General Discussion
In reply to the discussion: Covid infections are up by 68%, over the past two weeks, in my county [View all]BumRushDaShow
(169,562 posts)and am so sorry to hear of your nightmare with this disease.
I know I have posted over and over and over here that the mechanism for how this virus attaches to cells and then replicates is unique in terms of WHERE it can attach - i.e., places that have what are called "ACE2 receptors". These are located not just in the respiratory system but also in the renal system (kidneys) in the gastric system (including intestines), in the circulatory system including on the heart, and the neural system including the brain.
If you have a high enough load where some manage to get to those organs, you can be screwed.
I did read an article last week with some research that has uncovered some things about what might be happening with the inflammation responses that can cause more severe impacts. I had posted the below (in part) in a different thread last week - https://www.democraticunderground.com/?com=view_post&forum=1014&pid=2903945
And regarding "inflammation" - I literally read an article today based on a recent study done by Harvard with a fascinating discovery about what might be happening with the disparate inflammatory responses -
Inflammatory Insights
Study reveals how COVID-19 triggers severe immune response
By NANCY FLIESLER | Boston Childrens April 6, 2022 Research
Illustration of a macrophage battling bacteria. Image: urfingus/iStock/Getty Images Plus
This article is part of Harvard Medical Schools continuing coverage of COVID-19.
A study led by researchers at Harvard Medical School and Boston Childrens Hospital explains for the first time why COVID-19 causes severe inflammation in some people, leading to acute respiratory distress and multi-organ damage. Surprisingly, the study also finds that antibodies that people develop when they contract COVID-19 sometimes lead to more inflammation, while antibodies generated by mRNA COVID-19 vaccines seem not to. Findings were published April 6 in Nature. The team was led by Judy Lieberman, HMS professor of pediatrics at Boston Childrens; Caroline Junqueira, HMS research associate in pediatrics at Boston Childrens; and Michael Filbin, HMS assistant professor of emergency medicine at Massachusetts General Hospital.
We wanted to understand what distinguishes patients with mild versus severe COVID-19, said Lieberman. We know that many inflammatory markers are elevated in people with severe disease, and that inflammation is at the root of disease severity, but we hadnt known what triggers the inflammation.
Fiery death of immune cells
The investigators analyzed fresh blood samples from patients with COVID-19 coming to the emergency department at Mass General. They compared these with samples from healthy people and from patients with other respiratory conditions. They also looked at lung autopsy tissue from people who had died from COVID-19. They found that SARS-CoV-2 can infect monocytesimmune cells in the blood that act as sentinels or early responders to infectionas well as macrophages, similar immune cells in the lungs. Once infected, the team found, both types of cells die a fiery death called pyroptosis that releases an explosion of powerful inflammatory alarm signals. In the infected patients, about 6 percent of blood monocytes were dying an inflammatory death, said Lieberman. Thats a large number to find, because dying cells are rapidly eliminated from the body.

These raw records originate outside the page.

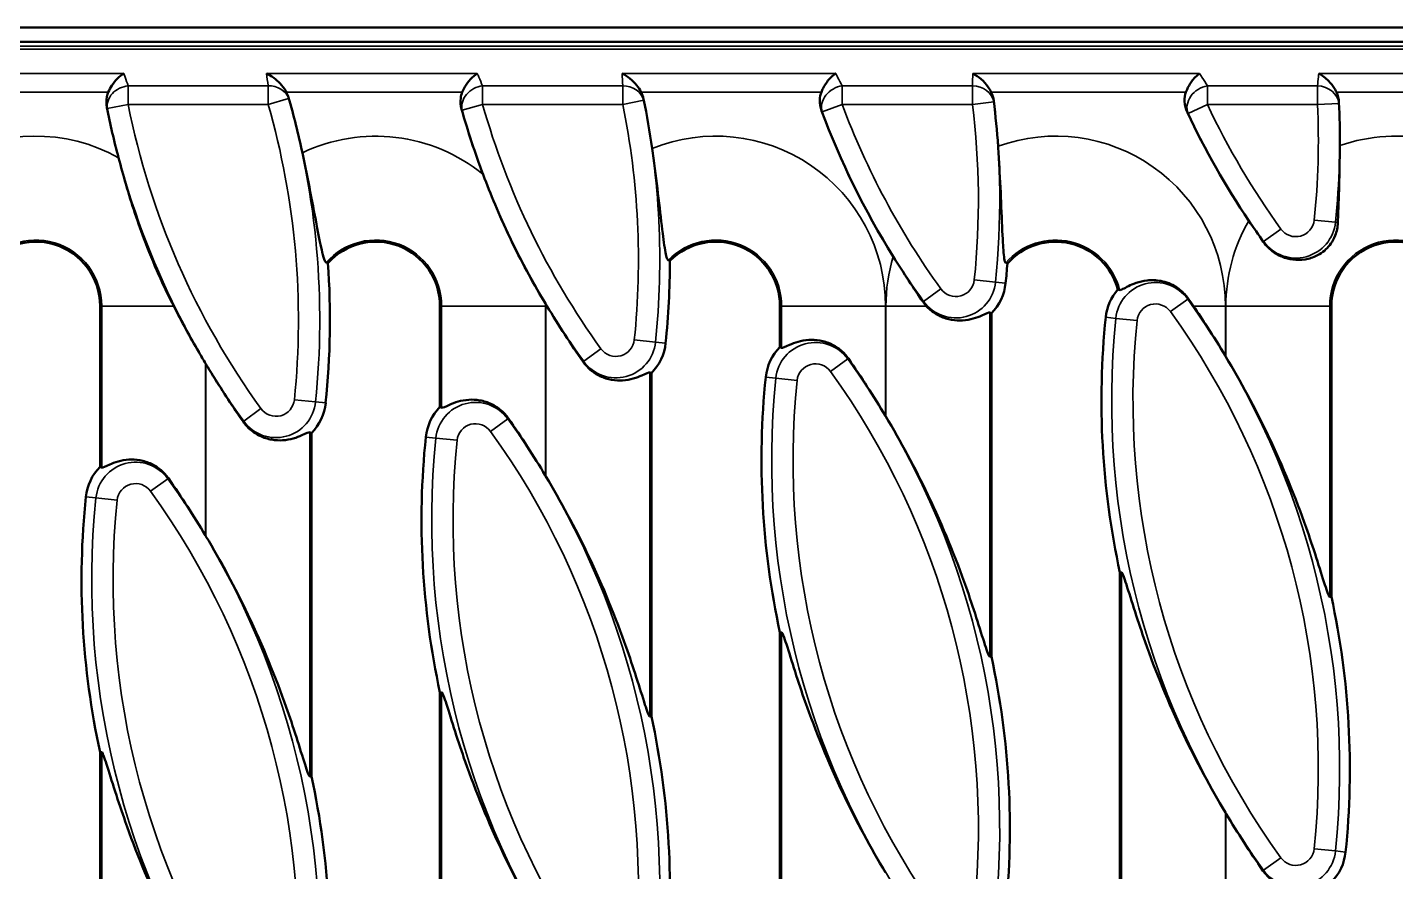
# Model space of a CAD drawing. Header units: millimetres. Extents: x 0 to 1485, y 0 to 1050.
# Drawn here: x 1086.2 to 1182.1, y 567.7 to 626.8 of the extents above; entities that cross this region are included whole.
import ezdxf

# ---------------------------------------------------------------- set-up
doc = ezdxf.new("R2010")
doc.units = ezdxf.units.MM
doc.header["$LTSCALE"] = 2.5
doc.layers.add('Sichtbar (ISO)', color=7, linetype='Continuous', lineweight=50)
doc.layers.add('Sichtbar schmal (ISO)', color=7, linetype='Continuous', lineweight=35)

msp = doc.modelspace()

# ---------------------------------------------------------------- linework, layer by layer
at = {"layer": 'Sichtbar (ISO)'}
for p, q in [((1420.146, 626.759), (420.146, 626.759)), ((1419.646, 625.759), (920.646, 625.759)), ((1091.313, 596.002), (1091.313, 607.259)), ((1115.122, 600.193), (1115.122, 607.259)), ((1138.932, 604.383), (1138.932, 607.259)), ((1153.741, 606.753), (1153.741, 582.726)), ((1177.551, 607.259), (1177.551, 586.916)), ((1129.932, 602.563), (1129.932, 578.535)), ((1106.122, 598.372), (1106.122, 574.345)), ((1162.741, 588.601), (1162.858, 588.614)), ((1162.741, 564.574), (1162.741, 588.601)), ((1177.551, 586.916), (1177.434, 586.904)), ((1138.932, 584.411), (1139.048, 584.423)), ((1138.932, 560.383), (1138.932, 584.411)), ((1153.741, 582.726), (1153.624, 582.713)), ((1115.122, 580.22), (1115.239, 580.233)), ((1115.122, 556.193), (1115.122, 580.22)), ((1129.932, 578.535), (1129.815, 578.523)), ((1091.313, 576.03), (1091.429, 576.042)), ((1091.313, 552.002), (1091.313, 576.03)), ((1106.122, 574.345), (1106.005, 574.332))]:
    msp.add_line(p, q, dxfattribs=at)
for centre, radius, start, end in [((1146.841, 632.082), 56.122, 191.23074, 194.91353), ((1050.593, 606.293), 56.122, 12.02047, 16.10142), ((1170.651, 636.273), 56.122, 195.75182, 200.66164), ((1074.403, 610.483), 56.122, 7.98898, 11.57369), ((1098.213, 614.674), 56.122, 3.8509, 7.11826), ((1122.022, 618.864), 56.122, 359.61522, 2.70579), ((1194.46, 640.463), 56.122, 200.37612, 212.00197), ((1218.27, 644.653), 56.122, 205.14382, 214.04966), ((1086.813, 607.259), 4.5, 0, 145.94175), ((1110.622, 607.259), 4.5, 0, 138.04154), ((1134.432, 607.259), 4.5, 0, 135.45553), ((1158.241, 607.259), 4.5, 14.85071, 138.71186), ((1182.051, 607.259), 4.5, 39.85115, 180), ((1074.403, 610.483), 56.821, 354.12505, 359.9317), ((1050.593, 606.293), 56.821, 354.12505, 4.01128), ((1098.213, 614.674), 56.821, 354.12505, 355.51282), ((1151.254, 609.216), 3.5, 315.28608, 354.12505), ((1165.228, 606.111), 3.5, 138.90105, 174.12505), ((1170.651, 636.273), 56.122, 210.93038, 210.99583), ((1218.27, 600.653), 56.821, 174.12505, 192.24573), ((1127.444, 605.025), 3.5, 315.28608, 354.12505), ((1141.419, 601.921), 3.5, 135.28608, 174.12505), ((1122.022, 574.864), 56.122, 30.93272, 30.99477), ((1146.841, 632.082), 56.122, 210.93272, 210.99477), ((1194.46, 596.463), 56.821, 174.12505, 192.24573), ((1103.635, 600.835), 3.5, 315.28608, 354.12505), ((1117.609, 597.73), 3.5, 135.28608, 174.12505), ((1098.213, 570.674), 56.122, 30.93272, 30.99477), ((1170.651, 592.273), 56.821, 174.12505, 192.24573), ((1093.8, 593.54), 3.5, 135.28608, 174.12505), ((1074.403, 566.483), 56.122, 30.93272, 30.99477), ((1146.841, 588.082), 56.821, 174.12505, 192.24573), ((1050.593, 562.293), 56.122, 30.93272, 30.99477), ((1122.022, 574.864), 56.821, 354.12505, 12.24573), ((1098.213, 570.674), 56.821, 354.12505, 12.24573), ((1074.403, 566.483), 56.821, 354.12505, 12.24573), ((1050.593, 562.293), 56.821, 354.12505, 12.24573), ((1218.27, 600.653), 56.122, 210.93272, 210.99477), ((1175.063, 569.406), 3.5, 315.28608, 354.12505)]:
    msp.add_arc(centre, radius, start, end, dxfattribs=at)
for points, knots in [([(1091.892, 622.233), (1091.958, 622.391), (1092.04, 622.542), (1092.25, 622.866), (1092.386, 623.031), (1092.674, 623.317), (1092.829, 623.438), (1092.984, 623.531), (1092.986, 623.531), (1092.987, 623.532)], [0.0996969, 0.0996969, 0.0996969, 0.0996969, 0.151074, 0.151074, 0.2189604, 0.2189604, 0.2899759, 0.2899759, 0.2906776, 0.2906776, 0.2906776, 0.2906776]), ([(1102.968, 623.532), (1102.97, 623.531), (1102.972, 623.531), (1103.142, 623.451), (1103.311, 623.351), (1103.631, 623.116), (1103.785, 622.982), (1104.071, 622.677), (1104.205, 622.503), (1104.331, 622.287), (1104.347, 622.261), (1104.361, 622.233)], [-0.0007968, -0.0007968, -0.0007968, -0.0007968, 0, 0, 0.0688061, 0.0688061, 0.1345371, 0.1345371, 0.2007554, 0.2007554, 0.2100856, 0.2100856, 0.2100856, 0.2100856]), ([(1116.684, 622.233), (1116.734, 622.358), (1116.793, 622.478), (1116.974, 622.793), (1117.109, 622.973), (1117.404, 623.292), (1117.567, 623.429), (1117.731, 623.531), (1117.733, 623.531), (1117.734, 623.532)], [0.109622, 0.109622, 0.109622, 0.109622, 0.1498493, 0.1498493, 0.2206198, 0.2206198, 0.2974342, 0.2974342, 0.2981259, 0.2981259, 0.2981259, 0.2981259]), ([(1127.874, 623.532), (1127.876, 623.531), (1127.878, 623.531), (1128.064, 623.44), (1128.249, 623.322), (1128.594, 623.044), (1128.757, 622.884), (1129.019, 622.56), (1129.125, 622.402), (1129.212, 622.233)], [-0.0007797, -0.0007797, -0.0007797, -0.0007797, 0, 0, 0.0767823, 0.0767823, 0.1493241, 0.1493241, 0.2065298, 0.2065298, 0.2065298, 0.2065298]), ([(1141.833, 622.233), (1141.868, 622.325), (1141.908, 622.414), (1142.051, 622.697), (1142.17, 622.877), (1142.465, 623.242), (1142.649, 623.411), (1142.834, 623.531), (1142.836, 623.531), (1142.837, 623.532)], [0.119735, 0.119735, 0.119735, 0.119735, 0.1491524, 0.1491524, 0.2160004, 0.2160004, 0.305117, 0.305117, 0.3057984, 0.3057984, 0.3057984, 0.3057984]), ([(1152.435, 623.532), (1152.437, 623.531), (1152.439, 623.531), (1152.638, 623.43), (1152.837, 623.295), (1153.199, 622.975), (1153.367, 622.792), (1153.59, 622.474), (1153.661, 622.356), (1153.722, 622.233)], [-0.0007643, -0.0007643, -0.0007643, -0.0007643, 0, 0, 0.0839687, 0.0839687, 0.1618309, 0.1618309, 0.2033468, 0.2033468, 0.2033468, 0.2033468]), ([(1167.367, 622.233), (1167.39, 622.295), (1167.414, 622.356), (1167.527, 622.609), (1167.631, 622.788), (1167.832, 623.07), (1167.925, 623.181), (1168.119, 623.377), (1168.219, 623.461), (1168.321, 623.531), (1168.323, 623.531), (1168.324, 623.532)], [0.1300908, 0.1300908, 0.1300908, 0.1300908, 0.1498148, 0.1498148, 0.2134987, 0.2134987, 0.2628328, 0.2628328, 0.3132653, 0.3132653, 0.313938, 0.313938, 0.313938, 0.313938]), ([(1176.665, 623.532), (1176.667, 623.531), (1176.669, 623.531), (1176.904, 623.407), (1177.141, 623.23), (1177.508, 622.853), (1177.652, 622.673), (1177.821, 622.396), (1177.864, 622.316), (1177.904, 622.233)], [-0.0007409, -0.0007409, -0.0007409, -0.0007409, 0, 0, 0.1015583, 0.1015583, 0.1727083, 0.1727083, 0.2004343, 0.2004343, 0.2004343, 0.2004343]), ([(1091.794, 621.152), (1091.745, 621.401), (1091.742, 621.66), (1091.815, 622.021), (1091.848, 622.129), (1091.892, 622.233)], [0, 0, 0, 0, 0.0763778, 0.0763778, 0.1104961, 0.1104961, 0.1104961, 0.1104961]), ([(1116.637, 621.037), (1116.567, 621.286), (1116.543, 621.547), (1116.592, 621.951), (1116.628, 622.096), (1116.684, 622.233)], [0, 0, 0, 0, 0.0774176, 0.0774176, 0.1222544, 0.1222544, 0.1222544, 0.1222544]), ([(1141.85, 620.923), (1141.759, 621.169), (1141.713, 621.432), (1141.731, 621.879), (1141.766, 622.062), (1141.833, 622.233)], [0, 0, 0, 0, 0.0787906, 0.0787906, 0.1344124, 0.1344124, 0.1344124, 0.1344124]), ([(1153.722, 622.233), (1153.726, 622.224), (1153.731, 622.214), (1153.821, 622.023), (1153.877, 621.828), (1153.901, 621.628)], [0.16446665, 0.16446665, 0.16446665, 0.16446665, 0.16762712, 0.16762712, 0.22766396, 0.22766396, 0.22766396, 0.22766396]), ([(1167.466, 620.808), (1167.352, 621.051), (1167.283, 621.316), (1167.261, 621.804), (1167.291, 622.025), (1167.367, 622.232), (1167.367, 622.233), (1167.367, 622.233)], [0, 0, 0, 0, 0.0806058, 0.0806058, 0.1469652, 0.1469652, 0.1471338, 0.1471338, 0.1471338, 0.1471338]), ([(1177.904, 622.233), (1177.905, 622.23), (1177.907, 622.226), (1178.012, 622.001), (1178.069, 621.759), (1178.081, 621.513)], [0.16351239, 0.16351239, 0.16351239, 0.16351239, 0.16465062, 0.16465062, 0.23787914, 0.23787914, 0.23787914, 0.23787914]), ([(1131.108, 610.463), (1131.085, 610.472), (1131.062, 610.501), (1131.007, 610.622), (1130.975, 610.735), (1130.87, 611.219), (1130.798, 611.735), (1130.635, 613.042), (1130.539, 613.884), (1130.323, 615.689), (1130.205, 616.637), (1130.042, 617.833), (1130.011, 618.058), (1129.98, 618.283)], [-1.351817, -1.351817, -1.351817, -1.351817, -1.273004, -1.273004, -1.158051, -1.158051, -0.893248, -0.893248, -0.584214, -0.584214, -0.289153, -0.289153, -0.220892, -0.220892, -0.220892, -0.220892]), ([(1154.746, 610.276), (1154.732, 610.282), (1154.719, 610.297), (1154.69, 610.355), (1154.675, 610.404), (1154.605, 610.727), (1154.572, 611.214), (1154.509, 612.351), (1154.478, 613.195), (1154.398, 615.074), (1154.354, 616.015), (1154.27, 617.475), (1154.24, 617.959), (1154.207, 618.443)], [-1.334604, -1.334604, -1.334604, -1.334604, -1.283403, -1.283403, -1.216084, -1.216084, -0.941622, -0.941622, -0.589756, -0.589756, -0.290373, -0.290373, -0.144289, -0.144289, -0.144289, -0.144289]), ([(1178.004, 613.104), (1178.014, 613.344), (1178.024, 613.591), (1178.064, 614.631), (1178.092, 615.472), (1178.127, 617.054), (1178.137, 617.769), (1178.142, 618.487)], [-0.647367, -0.647367, -0.647367, -0.647367, -0.5599966, -0.5599966, -0.287272, -0.287272, -0.0710423, -0.0710423, -0.0710423, -0.0710423]), ([(1092.61, 617.639), (1092.782, 616.994), (1092.954, 616.376), (1093.533, 614.401), (1093.96, 613.092), (1095.229, 609.761), (1095.893, 608.4), (1096.474, 607.259)], [-0.7613779, -0.7613779, -0.7613779, -0.7613779, -0.6525751, -0.6525751, -0.3882603, -0.3882603, 0, 0, 0, 0]), ([(1107.156, 610.308), (1107.142, 610.313), (1107.128, 610.324), (1107.097, 610.362), (1107.081, 610.39), (1107.006, 610.547), (1106.945, 610.754), (1106.778, 611.435), (1106.662, 612.013), (1106.383, 613.46), (1106.221, 614.325), (1105.869, 616.129), (1105.682, 617.051), (1105.484, 617.98)], [-1.455921, -1.455921, -1.455921, -1.455921, -1.406192, -1.406192, -1.3509, -1.3509, -1.166398, -1.166398, -0.88306, -0.88306, -0.580454, -0.580454, -0.295552, -0.295552, -0.295552, -0.295552]), ([(1118.139, 616.47), (1118.175, 616.374), (1118.211, 616.279), (1118.767, 614.824), (1119.349, 613.416), (1120.964, 610.091), (1121.731, 608.726), (1122.51, 607.426)], [-0.9498672, -0.9498672, -0.9498672, -0.9498672, -0.9185656, -0.9185656, -0.4682444, -0.4682444, -0.0143971, -0.0143971, -0.0143971, -0.0143971]), ([(1172.782, 611.756), (1172.984, 611.467), (1173.231, 611.224), (1173.751, 610.859), (1174.011, 610.731), (1174.533, 610.556), (1174.793, 610.507), (1175.346, 610.473), (1175.642, 610.499), (1176.21, 610.635), (1176.481, 610.745), (1176.877, 610.984), (1177.026, 611.095), (1177.296, 611.348), (1177.411, 611.48), (1177.628, 611.79), (1177.733, 611.977), (1177.926, 612.479), (1177.99, 612.784), (1178.004, 613.104)], [-1.090853, -1.090853, -1.090853, -1.090853, -0.94341, -0.94341, -0.81425, -0.81425, -0.689097, -0.689097, -0.544439, -0.544439, -0.396939, -0.396939, -0.305806, -0.305806, -0.221649, -0.221649, -0.126325, -0.126325, -0.008747, -0.008747, -0.008747, -0.008747]), ([(1167.531, 607.776), (1167.477, 607.853), (1167.42, 607.928), (1167.158, 608.236), (1166.925, 608.434), (1166.343, 608.8), (1165.979, 608.94), (1165.267, 609.075), (1164.95, 609.079), (1164.365, 609.019), (1164.105, 608.954), (1163.461, 608.736), (1163.154, 608.554), (1162.841, 608.398), (1162.763, 608.37), (1162.72, 608.381)], [-0.9349349, -0.9349349, -0.9349349, -0.9349349, -0.9015215, -0.9015215, -0.7902904, -0.7902904, -0.6447156, -0.6447156, -0.5145224, -0.5145224, -0.3815756, -0.3815756, -0.1374952, -0.1374952, 0, 0, 0, 0]), ([(1096.474, 607.259), (1097.028, 606.17), (1097.614, 605.094), (1098.381, 603.773), (1098.541, 603.503), (1098.702, 603.234)], [1.0842167, 1.0842167, 1.0842167, 1.0842167, 1.4316707, 1.4316707, 1.5221303, 1.5221303, 1.5221303, 1.5221303]), ([(1149.182, 607.259), (1149.268, 607.163), (1149.362, 607.072), (1149.675, 606.802), (1149.913, 606.654), (1150.396, 606.424), (1150.681, 606.335), (1151.228, 606.24), (1151.49, 606.233), (1152.262, 606.278), (1152.733, 606.446), (1153.37, 606.727), (1153.559, 606.829), (1153.624, 606.802)], [3.8106928, 3.8106928, 3.8106928, 3.8106928, 3.8486369, 3.8486369, 3.9329934, 3.9329934, 4.0314686, 4.0314686, 4.1299438, 4.1299438, 4.3729414, 4.3729414, 4.5970062, 4.5970062, 4.5970062, 4.5970062]), ([(1170.13, 603.764), (1169.714, 604.458), (1169.288, 605.138), (1168.549, 606.278), (1168.223, 606.768), (1167.888, 607.259)], [5.6696828, 5.6696828, 5.6696828, 5.6696828, 5.9076607, 5.9076607, 6.0793916, 6.0793916, 6.0793916, 6.0793916]), ([(1143.722, 603.586), (1143.58, 603.79), (1143.406, 603.984), (1142.997, 604.334), (1142.759, 604.483), (1142.277, 604.713), (1141.991, 604.801), (1141.444, 604.896), (1141.183, 604.904), (1140.411, 604.859), (1139.94, 604.691), (1139.302, 604.409), (1139.114, 604.307), (1139.048, 604.335)], [3.7738978, 3.7738978, 3.7738978, 3.7738978, 3.8486369, 3.8486369, 3.9329934, 3.9329934, 4.0314686, 4.0314686, 4.1299438, 4.1299438, 4.3729414, 4.3729414, 4.5970062, 4.5970062, 4.5970062, 4.5970062]), ([(1177.434, 586.904), (1177.421, 586.902), (1177.403, 586.923), (1177.358, 587.006), (1177.33, 587.07), (1177.24, 587.306), (1177.168, 587.524), (1176.926, 588.276), (1176.718, 588.952), (1176.265, 590.359), (1176.019, 591.091), (1175.069, 593.778), (1174.163, 596.023), (1172.202, 600.125), (1171.192, 601.993), (1170.161, 603.712)], [0.001445, 0.001445, 0.001445, 0.001445, 0.046776, 0.046776, 0.093551, 0.093551, 0.187102, 0.187102, 0.417891, 0.417891, 0.64868, 0.64868, 1.339149, 1.339149, 1.926999, 1.926999, 1.926999, 1.926999]), ([(1098.733, 603.182), (1099.41, 602.055), (1100.109, 600.966), (1100.979, 599.681), (1101.154, 599.426), (1101.332, 599.169)], [1.5311168, 1.5311168, 1.5311168, 1.5311168, 1.911009, 1.911009, 2.0033074, 2.0033074, 2.0033074, 2.0033074]), ([(1125.142, 603.36), (1125.283, 603.156), (1125.458, 602.962), (1125.866, 602.612), (1126.104, 602.463), (1126.587, 602.233), (1126.872, 602.145), (1127.419, 602.05), (1127.68, 602.042), (1128.452, 602.087), (1128.924, 602.255), (1129.561, 602.537), (1129.749, 602.639), (1129.815, 602.611)], [3.7738978, 3.7738978, 3.7738978, 3.7738978, 3.8486369, 3.8486369, 3.9329934, 3.9329934, 4.0314686, 4.0314686, 4.1299438, 4.1299438, 4.3729414, 4.3729414, 4.5970062, 4.5970062, 4.5970062, 4.5970062]), ([(1146.321, 599.574), (1145.904, 600.267), (1145.479, 600.947), (1144.63, 602.256), (1144.181, 602.925), (1143.722, 603.586)], [5.6696828, 5.6696828, 5.6696828, 5.6696828, 5.9076607, 5.9076607, 6.1399115, 6.1399115, 6.1399115, 6.1399115]), ([(1119.912, 599.396), (1119.771, 599.599), (1119.596, 599.793), (1119.188, 600.144), (1118.95, 600.292), (1118.467, 600.522), (1118.182, 600.611), (1117.635, 600.706), (1117.373, 600.713), (1116.601, 600.668), (1116.13, 600.5), (1115.493, 600.219), (1115.304, 600.117), (1115.239, 600.144)], [3.7738978, 3.7738978, 3.7738978, 3.7738978, 3.8486369, 3.8486369, 3.9329934, 3.9329934, 4.0314686, 4.0314686, 4.1299438, 4.1299438, 4.3729414, 4.3729414, 4.5970062, 4.5970062, 4.5970062, 4.5970062]), ([(1101.332, 599.169), (1101.473, 598.966), (1101.648, 598.772), (1102.056, 598.421), (1102.294, 598.273), (1102.777, 598.043), (1103.062, 597.954), (1103.609, 597.859), (1103.871, 597.852), (1104.643, 597.897), (1105.114, 598.065), (1105.751, 598.346), (1105.94, 598.448), (1106.005, 598.421)], [3.7738978, 3.7738978, 3.7738978, 3.7738978, 3.8486369, 3.8486369, 3.9329934, 3.9329934, 4.0314686, 4.0314686, 4.1299438, 4.1299438, 4.3729414, 4.3729414, 4.5970062, 4.5970062, 4.5970062, 4.5970062]), ([(1122.511, 595.383), (1122.095, 596.077), (1121.669, 596.757), (1120.82, 598.066), (1120.371, 598.734), (1119.912, 599.396)], [5.6696828, 5.6696828, 5.6696828, 5.6696828, 5.9076607, 5.9076607, 6.1399115, 6.1399115, 6.1399115, 6.1399115]), ([(1153.624, 582.713), (1153.611, 582.712), (1153.593, 582.732), (1153.548, 582.815), (1153.521, 582.879), (1153.43, 583.115), (1153.358, 583.333), (1153.116, 584.085), (1152.909, 584.762), (1152.455, 586.168), (1152.209, 586.901), (1151.259, 589.587), (1150.353, 591.832), (1148.393, 595.935), (1147.382, 597.803), (1146.352, 599.522)], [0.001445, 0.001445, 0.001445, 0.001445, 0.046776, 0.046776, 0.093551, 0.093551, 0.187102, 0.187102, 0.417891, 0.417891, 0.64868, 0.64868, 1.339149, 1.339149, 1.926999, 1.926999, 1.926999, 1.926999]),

Examining the lung tissue from people who died from COVID-19, they found that about a quarter of the macrophages in the tissue were dying. When the researchers studied the cells for signs of SARS-CoV-2, they found that about 10 percent of monocytes and 8 percent of lung macrophages were infected. The fact that monocytes and macrophages can be infected with SARS-CoV-2 was a surprise, since monocytes dont carry ACE2 receptors, the classic entry portal for the virus, and macrophages have low amounts of ACE2. Lieberman thinks SARS-CoV-2 infection of monocytes might have previously been missed in part because researchers often study frozen blood samples, in which dead cells do not show up.
More: https://hms.harvard.edu/news/inflammatory-insights
Here's a link to the "Nature" mag publication - https://www.nature.com/articles/s41586-022-04702-4
Basically what they discovered is that COVID-19 obviously "attaches" and replicates in specific areas of the body that have what they call ACE2-receptors (which appear all over the body - not just the respiraratory system but also on the kidneys, in the digestive system, in the circulatory and neural systems - which helped to explain all the different symptoms that people might present with). But this latest research found that the virus can ALSO attach to certain "canary in the coal mine" immune cells that have none of those receptors, and although the virus can use those types of cells to replicate with, the attachment is weak and not optimal, so instead, if it does attach, it basically sets up a near-catastrophic set of processes that just destroys those cells, and doing so releases chemicals in the body that cause inflammation.
They said that they hadn't discovered this phenomena earlier because the samples that they were testing were often stored frozen and thus any traces of the now-destroyed monocytes or macrophages, would not be picked up.